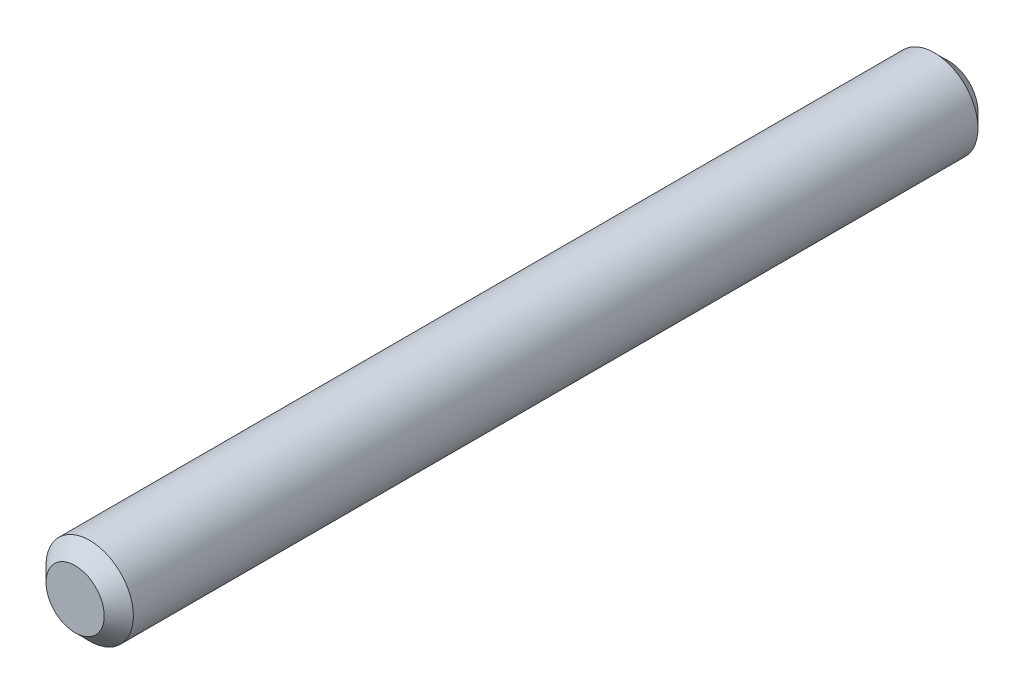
ISO-10303-21;
HEADER;
FILE_DESCRIPTION(('STEP AP214'),'2;1');
FILE_NAME('part.step','',(''),(''),'','','');
FILE_SCHEMA(('AUTOMOTIVE_DESIGN { 1 0 10303 214 1 1 1 1 }'));
ENDSEC;
DATA;
#1=APPLICATION_CONTEXT('core data for automotive mechanical design processes');
#2=APPLICATION_PROTOCOL_DEFINITION('international standard','automotive_design',2000,#1);
#3=PRODUCT_CONTEXT('',#1,'mechanical');
#4=PRODUCT('Part','Part','',(#3));
#5=PRODUCT_RELATED_PRODUCT_CATEGORY('part','',(#4));
#6=PRODUCT_DEFINITION_FORMATION('','',#4);
#7=PRODUCT_DEFINITION_CONTEXT('part definition',#1,'design');
#8=PRODUCT_DEFINITION('design','',#6,#7);
#9=PRODUCT_DEFINITION_SHAPE('','',#8);
#10=(LENGTH_UNIT() NAMED_UNIT(*) SI_UNIT(.MILLI.,.METRE.));
#11=(NAMED_UNIT(*) PLANE_ANGLE_UNIT() SI_UNIT($,.RADIAN.));
#12=(NAMED_UNIT(*) SI_UNIT($,.STERADIAN.) SOLID_ANGLE_UNIT());
#13=UNCERTAINTY_MEASURE_WITH_UNIT(LENGTH_MEASURE(1.E-05),#10,'distance_accuracy_value','');
#14=(GEOMETRIC_REPRESENTATION_CONTEXT(3) GLOBAL_UNCERTAINTY_ASSIGNED_CONTEXT((#13)) GLOBAL_UNIT_ASSIGNED_CONTEXT((#10,
#11,#12)) REPRESENTATION_CONTEXT('',''));
#15=CARTESIAN_POINT('',(0.,0.,0.));
#16=DIRECTION('',(0.,0.,1.));
#17=DIRECTION('',(1.,0.,0.));
#18=AXIS2_PLACEMENT_3D('',#15,#16,#17);
#19=CARTESIAN_POINT('',(0.,0.,15.));
#20=DIRECTION('',(0.,0.,-1.));
#21=DIRECTION('',(-1.,0.,0.));
#22=AXIS2_PLACEMENT_3D('',#19,#20,#21);
#23=CYLINDRICAL_SURFACE('',#22,1.5);
#24=CARTESIAN_POINT('',(0.,0.,-14.5));
#25=DIRECTION('',(0.,0.,1.));
#26=DIRECTION('',(1.,0.,0.));
#27=AXIS2_PLACEMENT_3D('',#24,#25,#26);
#28=CIRCLE('',#27,1.5);
#29=CARTESIAN_POINT('',(1.5,0.,-14.5));
#30=VERTEX_POINT('',#29);
#31=EDGE_CURVE('E44',#30,#30,#28,.T.);
#32=ORIENTED_EDGE('',*,*,#31,.T.);
#33=EDGE_LOOP('',(#32));
#34=FACE_BOUND('',#33,.T.);
#35=CARTESIAN_POINT('',(0.,0.,14.5));
#36=DIRECTION('',(0.,0.,1.));
#37=DIRECTION('',(1.,0.,0.));
#38=AXIS2_PLACEMENT_3D('',#35,#36,#37);
#39=CIRCLE('',#38,1.5);
#40=CARTESIAN_POINT('',(1.5,0.,14.5));
#41=VERTEX_POINT('',#40);
#42=EDGE_CURVE('E48',#41,#41,#39,.F.);
#43=ORIENTED_EDGE('',*,*,#42,.T.);
#44=EDGE_LOOP('',(#43));
#45=FACE_BOUND('',#44,.T.);
#46=ADVANCED_FACE('F33',(#34,#45),#23,.T.);
#47=CARTESIAN_POINT('',(0.,0.,15.));
#48=DIRECTION('',(0.,0.,1.));
#49=DIRECTION('',(1.,0.,0.));
#50=AXIS2_PLACEMENT_3D('',#47,#48,#49);
#51=PLANE('',#50);
#52=CARTESIAN_POINT('',(0.,0.,15.));
#53=DIRECTION('',(0.,0.,1.));
#54=DIRECTION('',(1.,0.,0.));
#55=AXIS2_PLACEMENT_3D('',#52,#53,#54);
#56=CIRCLE('',#55,1.);
#57=CARTESIAN_POINT('',(1.,0.,15.));
#58=VERTEX_POINT('',#57);
#59=EDGE_CURVE('E10',#58,#58,#56,.T.);
#60=ORIENTED_EDGE('',*,*,#59,.T.);
#61=EDGE_LOOP('',(#60));
#62=FACE_BOUND('',#61,.T.);
#63=ADVANCED_FACE('F64',(#62),#51,.T.);
#64=CARTESIAN_POINT('',(0.,0.,-15.));
#65=DIRECTION('',(0.,0.,1.));
#66=DIRECTION('',(1.,0.,0.));
#67=AXIS2_PLACEMENT_3D('',#64,#65,#66);
#68=PLANE('',#67);
#69=CARTESIAN_POINT('',(0.,0.,-15.));
#70=DIRECTION('',(0.,0.,1.));
#71=DIRECTION('',(1.,0.,0.));
#72=AXIS2_PLACEMENT_3D('',#69,#70,#71);
#73=CIRCLE('',#72,1.);
#74=CARTESIAN_POINT('',(1.,0.,-15.));
#75=VERTEX_POINT('',#74);
#76=EDGE_CURVE('E40',#75,#75,#73,.F.);
#77=ORIENTED_EDGE('',*,*,#76,.T.);
#78=EDGE_LOOP('',(#77));
#79=FACE_BOUND('',#78,.T.);
#80=ADVANCED_FACE('F61',(#79),#68,.F.);
#81=CARTESIAN_POINT('',(0.,0.,-14.5));
#82=DIRECTION('',(0.,0.,1.));
#83=DIRECTION('',(1.,0.,0.));
#84=AXIS2_PLACEMENT_3D('',#81,#82,#83);
#85=CONICAL_SURFACE('',#84,1.5,0.78539816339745);
#86=ORIENTED_EDGE('',*,*,#76,.F.);
#87=EDGE_LOOP('',(#86));
#88=FACE_BOUND('',#87,.T.);
#89=ORIENTED_EDGE('',*,*,#31,.F.);
#90=EDGE_LOOP('',(#89));
#91=FACE_BOUND('',#90,.T.);
#92=ADVANCED_FACE('F57',(#88,#91),#85,.T.);
#93=CARTESIAN_POINT('',(0.,0.,15.));
#94=DIRECTION('',(0.,0.,-1.));
#95=DIRECTION('',(-1.,0.,0.));
#96=AXIS2_PLACEMENT_3D('',#93,#94,#95);
#97=CONICAL_SURFACE('',#96,1.,0.78539816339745);
#98=ORIENTED_EDGE('',*,*,#42,.F.);
#99=EDGE_LOOP('',(#98));
#100=FACE_BOUND('',#99,.T.);
#101=ORIENTED_EDGE('',*,*,#59,.F.);
#102=EDGE_LOOP('',(#101));
#103=FACE_BOUND('',#102,.T.);
#104=ADVANCED_FACE('F35',(#100,#103),#97,.T.);
#105=CLOSED_SHELL('',(#46,#63,#80,#92,#104));
#106=MANIFOLD_SOLID_BREP('B2',#105);
#107=ADVANCED_BREP_SHAPE_REPRESENTATION('',(#18,#106),#14);
#108=SHAPE_DEFINITION_REPRESENTATION(#9,#107);
ENDSEC;
END-ISO-10303-21;

_Exercise directions_
Everything in the data except the pictures needs to be written out exactly.

_Solution for this problem_
ISO-10303-21;
HEADER;
FILE_DESCRIPTION(('STEP AP214'),'2;1');
FILE_NAME('part.step','',(''),(''),'','','');
FILE_SCHEMA(('AUTOMOTIVE_DESIGN { 1 0 10303 214 1 1 1 1 }'));
ENDSEC;
DATA;
#1=APPLICATION_CONTEXT('core data for automotive mechanical design processes');
#2=APPLICATION_PROTOCOL_DEFINITION('international standard','automotive_design',2000,#1);
#3=PRODUCT_CONTEXT('',#1,'mechanical');
#4=PRODUCT('Part','Part','',(#3));
#5=PRODUCT_RELATED_PRODUCT_CATEGORY('part','',(#4));
#6=PRODUCT_DEFINITION_FORMATION('','',#4);
#7=PRODUCT_DEFINITION_CONTEXT('part definition',#1,'design');
#8=PRODUCT_DEFINITION('design','',#6,#7);
#9=PRODUCT_DEFINITION_SHAPE('','',#8);
#10=(LENGTH_UNIT() NAMED_UNIT(*) SI_UNIT(.MILLI.,.METRE.));
#11=(NAMED_UNIT(*) PLANE_ANGLE_UNIT() SI_UNIT($,.RADIAN.));
#12=(NAMED_UNIT(*) SI_UNIT($,.STERADIAN.) SOLID_ANGLE_UNIT());
#13=UNCERTAINTY_MEASURE_WITH_UNIT(LENGTH_MEASURE(1.E-05),#10,'distance_accuracy_value','');
#14=(GEOMETRIC_REPRESENTATION_CONTEXT(3) GLOBAL_UNCERTAINTY_ASSIGNED_CONTEXT((#13)) GLOBAL_UNIT_ASSIGNED_CONTEXT((#10,
#11,#12)) REPRESENTATION_CONTEXT('',''));
#15=CARTESIAN_POINT('',(0.,0.,0.));
#16=DIRECTION('',(0.,0.,1.));
#17=DIRECTION('',(1.,0.,0.));
#18=AXIS2_PLACEMENT_3D('',#15,#16,#17);
#19=CARTESIAN_POINT('',(0.,0.,15.));
#20=DIRECTION('',(0.,0.,-1.));
#21=DIRECTION('',(-1.,0.,0.));
#22=AXIS2_PLACEMENT_3D('',#19,#20,#21);
#23=CYLINDRICAL_SURFACE('',#22,1.5);
#24=CARTESIAN_POINT('',(0.,0.,-14.5));
#25=DIRECTION('',(0.,0.,1.));
#26=DIRECTION('',(1.,0.,0.));
#27=AXIS2_PLACEMENT_3D('',#24,#25,#26);
#28=CIRCLE('',#27,1.5);
#29=CARTESIAN_POINT('',(1.5,0.,-14.5));
#30=VERTEX_POINT('',#29);
#31=EDGE_CURVE('E44',#30,#30,#28,.T.);
#32=ORIENTED_EDGE('',*,*,#31,.T.);
#33=EDGE_LOOP('',(#32));
#34=FACE_BOUND('',#33,.T.);
#35=CARTESIAN_POINT('',(0.,0.,14.5));
#36=DIRECTION('',(0.,0.,1.));
#37=DIRECTION('',(1.,0.,0.));
#38=AXIS2_PLACEMENT_3D('',#35,#36,#37);
#39=CIRCLE('',#38,1.5);
#40=CARTESIAN_POINT('',(1.5,0.,14.5));
#41=VERTEX_POINT('',#40);
#42=EDGE_CURVE('E48',#41,#41,#39,.F.);
#43=ORIENTED_EDGE('',*,*,#42,.T.);
#44=EDGE_LOOP('',(#43));
#45=FACE_BOUND('',#44,.T.);
#46=ADVANCED_FACE('F33',(#34,#45),#23,.T.);
#47=CARTESIAN_POINT('',(0.,0.,15.));
#48=DIRECTION('',(0.,0.,1.));
#49=DIRECTION('',(1.,0.,0.));
#50=AXIS2_PLACEMENT_3D('',#47,#48,#49);
#51=PLANE('',#50);
#52=CARTESIAN_POINT('',(0.,0.,15.));
#53=DIRECTION('',(0.,0.,1.));
#54=DIRECTION('',(1.,0.,0.));
#55=AXIS2_PLACEMENT_3D('',#52,#53,#54);
#56=CIRCLE('',#55,1.);
#57=CARTESIAN_POINT('',(1.,0.,15.));
#58=VERTEX_POINT('',#57);
#59=EDGE_CURVE('E10',#58,#58,#56,.T.);
#60=ORIENTED_EDGE('',*,*,#59,.T.);
#61=EDGE_LOOP('',(#60));
#62=FACE_BOUND('',#61,.T.);
#63=ADVANCED_FACE('F64',(#62),#51,.T.);
#64=CARTESIAN_POINT('',(0.,0.,-15.));
#65=DIRECTION('',(0.,0.,1.));
#66=DIRECTION('',(1.,0.,0.));
#67=AXIS2_PLACEMENT_3D('',#64,#65,#66);
#68=PLANE('',#67);
#69=CARTESIAN_POINT('',(0.,0.,-15.));
#70=DIRECTION('',(0.,0.,1.));
#71=DIRECTION('',(1.,0.,0.));
#72=AXIS2_PLACEMENT_3D('',#69,#70,#71);
#73=CIRCLE('',#72,1.);
#74=CARTESIAN_POINT('',(1.,0.,-15.));
#75=VERTEX_POINT('',#74);
#76=EDGE_CURVE('E40',#75,#75,#73,.F.);
#77=ORIENTED_EDGE('',*,*,#76,.T.);
#78=EDGE_LOOP('',(#77));
#79=FACE_BOUND('',#78,.T.);
#80=ADVANCED_FACE('F61',(#79),#68,.F.);
#81=CARTESIAN_POINT('',(0.,0.,-14.5));
#82=DIRECTION('',(0.,0.,1.));
#83=DIRECTION('',(1.,0.,0.));
#84=AXIS2_PLACEMENT_3D('',#81,#82,#83);
#85=CONICAL_SURFACE('',#84,1.5,0.78539816339745);
#86=ORIENTED_EDGE('',*,*,#76,.F.);
#87=EDGE_LOOP('',(#86));
#88=FACE_BOUND('',#87,.T.);
#89=ORIENTED_EDGE('',*,*,#31,.F.);
#90=EDGE_LOOP('',(#89));
#91=FACE_BOUND('',#90,.T.);
#92=ADVANCED_FACE('F57',(#88,#91),#85,.T.);
#93=CARTESIAN_POINT('',(0.,0.,15.));
#94=DIRECTION('',(0.,0.,-1.));
#95=DIRECTION('',(-1.,0.,0.));
#96=AXIS2_PLACEMENT_3D('',#93,#94,#95);
#97=CONICAL_SURFACE('',#96,1.,0.78539816339745);
#98=ORIENTED_EDGE('',*,*,#42,.F.);
#99=EDGE_LOOP('',(#98));
#100=FACE_BOUND('',#99,.T.);
#101=ORIENTED_EDGE('',*,*,#59,.F.);
#102=EDGE_LOOP('',(#101));
#103=FACE_BOUND('',#102,.T.);
#104=ADVANCED_FACE('F35',(#100,#103),#97,.T.);
#105=CLOSED_SHELL('',(#46,#63,#80,#92,#104));
#106=MANIFOLD_SOLID_BREP('B2',#105);
#107=ADVANCED_BREP_SHAPE_REPRESENTATION('',(#18,#106),#14);
#108=SHAPE_DEFINITION_REPRESENTATION(#9,#107);
ENDSEC;
END-ISO-10303-21;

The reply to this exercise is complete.